- Film Poster
- French: La Dernière Fugue
- Directed by: Léa Pool
- Written by: Gil Courtemanche Léa Pool
- Produced by: Lyse Lafontaine Nicolas Stei
- Starring: Yves Jacques Jacques Godin Andrée Lachapelle Aliocha Schneider Marie-France Lambert
- Cinematography: Pierre Mignot
- Edited by: Michel Arcand
- Music by: André Dziezuk Marc Mergen
- Production companies: Equinoxe Productions Iris Productions
- Distributed by: Filmcoopi Zürich (Switzerland) Seville Pictures (Canada)
- Release date: 26 February 2010 (Canada);
- Running time: 92 minutes
- Countries: Luxembourg Canada
- Language: French

= The Last Escape (2010 film) =

The Last Escape (La dernière fugue) is a 2010 French-language Canadian drama film, directed by Léa Pool and written by Pool and Gil Courtemanche based on the novel A Beautiful Death (2005). This film stars Yves Jacques, Jacques Godin, Andrée Lachapelle and Aliocha Schneider and was theatrical released at Canada on February 2, 2010.

==Plot==
During a family Christmas dinner, the Lévesque family meets in order to spend quality time together. However, a major topic of conversation spoils the festive atmosphere: the health of the father of this family (Jacques Godin), who is diagnosed with Parkinson's disease. In addition, the quality of life is more than anything but fair at that time, as the family often quarrels. His eldest son André (Yves Jacques) and André's son Sam (Aliocha Schneider) want to end his suffering by making him live his last moments in happiness. However, the rest of the family does not agree to this, believing that their father should live as long as possible. One thing is certain, is that this father and his wife (Andrée Lachapelle) will not separate under any circumstances.

==Cast==
- Yves Jacques as André
- Jacques Godin as Le Père
- Andrée Lachapelle as La Mère
- Aliocha Schneider as Sam
- Nicole Max as Isabelle
- Marie-France Lambert as Géraldine
- Martine Francke as Julie
- Benoît Gouin as Bernard
- Isabelle Miquelon as Mireille
- Patrick Hastert as Jean-Maurice
- Joël Delsaut as Pierre
- Noa Kate as Amandine
- Camille Felton as Emma
- Mathias Urbain as Jules
- Félicien Schiltz as Xavier Jr
- Alex Kate as Louis
- Léa Rollauer as Béatrice
- Alexandre Goyette as Le Père (1968)
- Marie-Christine Labelle as La Mère (1968)
- Jules St-Jean as André (1968)
- Simone-Élise Girard as Physiotherapist
- Éliana Chrétien as Julie (1968)
- Thomas Trudel as Bernard (1968)
- Charlotte Comeau as Mireille (1968)
- Jade Charbonneau as Géraldine

==Reception==
===Critical response===
Boyd van Hoeij from Variety magazine wrote: "Though pic’s first half covers a Christmas dinner that introduces the extended, ennui-inducing Levesque clan, the unfocused narrative pivots around a single moment in the childhood of Andre (Jules St-Jean as a child, Denys Arcand regular Yves Jacques as an adult) that explains the hatred toward his now-ailing, septuagenarian dad, Anatole (Godin). But numerous flashbacks — in shaky, overexposed Super 8 — reduce a potentially complex father-son relationship to a simplistic tit-for-tat. Like Godin, Andree Lachapelle, as Anatole’s wife, is outstanding, though her character’s final actions reek more of screenplay convenience than character conviction. Violin- and piano-driven score doesn’t dare wander off the beaten path; other craft contributions also march in line."
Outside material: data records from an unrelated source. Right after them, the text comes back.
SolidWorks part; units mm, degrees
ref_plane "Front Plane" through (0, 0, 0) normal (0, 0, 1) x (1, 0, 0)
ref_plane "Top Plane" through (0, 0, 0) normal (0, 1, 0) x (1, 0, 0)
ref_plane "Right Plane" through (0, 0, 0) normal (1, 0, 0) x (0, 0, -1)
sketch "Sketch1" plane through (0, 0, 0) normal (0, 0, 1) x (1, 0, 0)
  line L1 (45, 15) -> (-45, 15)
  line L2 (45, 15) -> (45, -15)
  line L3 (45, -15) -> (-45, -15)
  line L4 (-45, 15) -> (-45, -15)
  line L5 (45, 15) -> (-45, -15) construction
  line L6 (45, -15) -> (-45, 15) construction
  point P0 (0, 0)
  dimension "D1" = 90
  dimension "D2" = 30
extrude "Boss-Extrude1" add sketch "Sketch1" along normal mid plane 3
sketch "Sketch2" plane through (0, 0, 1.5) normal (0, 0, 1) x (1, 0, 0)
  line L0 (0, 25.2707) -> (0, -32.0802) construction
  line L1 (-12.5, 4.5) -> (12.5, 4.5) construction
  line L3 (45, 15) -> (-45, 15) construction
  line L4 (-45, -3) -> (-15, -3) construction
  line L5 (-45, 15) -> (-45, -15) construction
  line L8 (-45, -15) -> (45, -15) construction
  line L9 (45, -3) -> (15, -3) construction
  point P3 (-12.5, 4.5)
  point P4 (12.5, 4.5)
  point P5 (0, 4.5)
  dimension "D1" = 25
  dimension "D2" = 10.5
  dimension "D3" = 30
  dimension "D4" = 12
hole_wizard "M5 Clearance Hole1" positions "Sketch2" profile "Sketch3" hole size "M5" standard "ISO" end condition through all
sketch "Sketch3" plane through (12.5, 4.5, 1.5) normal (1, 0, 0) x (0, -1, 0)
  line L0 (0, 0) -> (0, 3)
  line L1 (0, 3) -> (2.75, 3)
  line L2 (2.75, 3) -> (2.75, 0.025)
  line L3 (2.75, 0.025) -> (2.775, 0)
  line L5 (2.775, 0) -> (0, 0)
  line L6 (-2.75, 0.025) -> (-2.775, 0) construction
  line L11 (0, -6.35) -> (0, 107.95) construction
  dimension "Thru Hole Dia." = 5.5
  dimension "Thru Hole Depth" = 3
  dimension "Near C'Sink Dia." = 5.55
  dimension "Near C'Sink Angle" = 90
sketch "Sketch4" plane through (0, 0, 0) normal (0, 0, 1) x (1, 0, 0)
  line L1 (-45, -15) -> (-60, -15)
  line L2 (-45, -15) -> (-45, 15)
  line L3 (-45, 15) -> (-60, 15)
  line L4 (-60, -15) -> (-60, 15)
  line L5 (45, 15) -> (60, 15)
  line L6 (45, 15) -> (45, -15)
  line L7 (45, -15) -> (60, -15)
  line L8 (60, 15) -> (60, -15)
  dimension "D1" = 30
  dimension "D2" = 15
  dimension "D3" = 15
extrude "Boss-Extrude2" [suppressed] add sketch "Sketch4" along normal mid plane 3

===Awards and nominations===

Jutra Award
- Best Actor (Meilleur Acteur) - Jacques Godin (nominated)
- Best Editing (Meilleur Montage Image) - Michel Arcand (nominated)
- Best Supporting Actor (Meilleur Acteur de Soutien) - Yves Jacques (nominated)
- Best Supporting Actress (Meilleure Actrice de Soutien) - Isabelle Miquelon (nominated)

Shanghai International Film Festival
- Golden Goblet Award for Best Feature Film - Léa Pool (nominated)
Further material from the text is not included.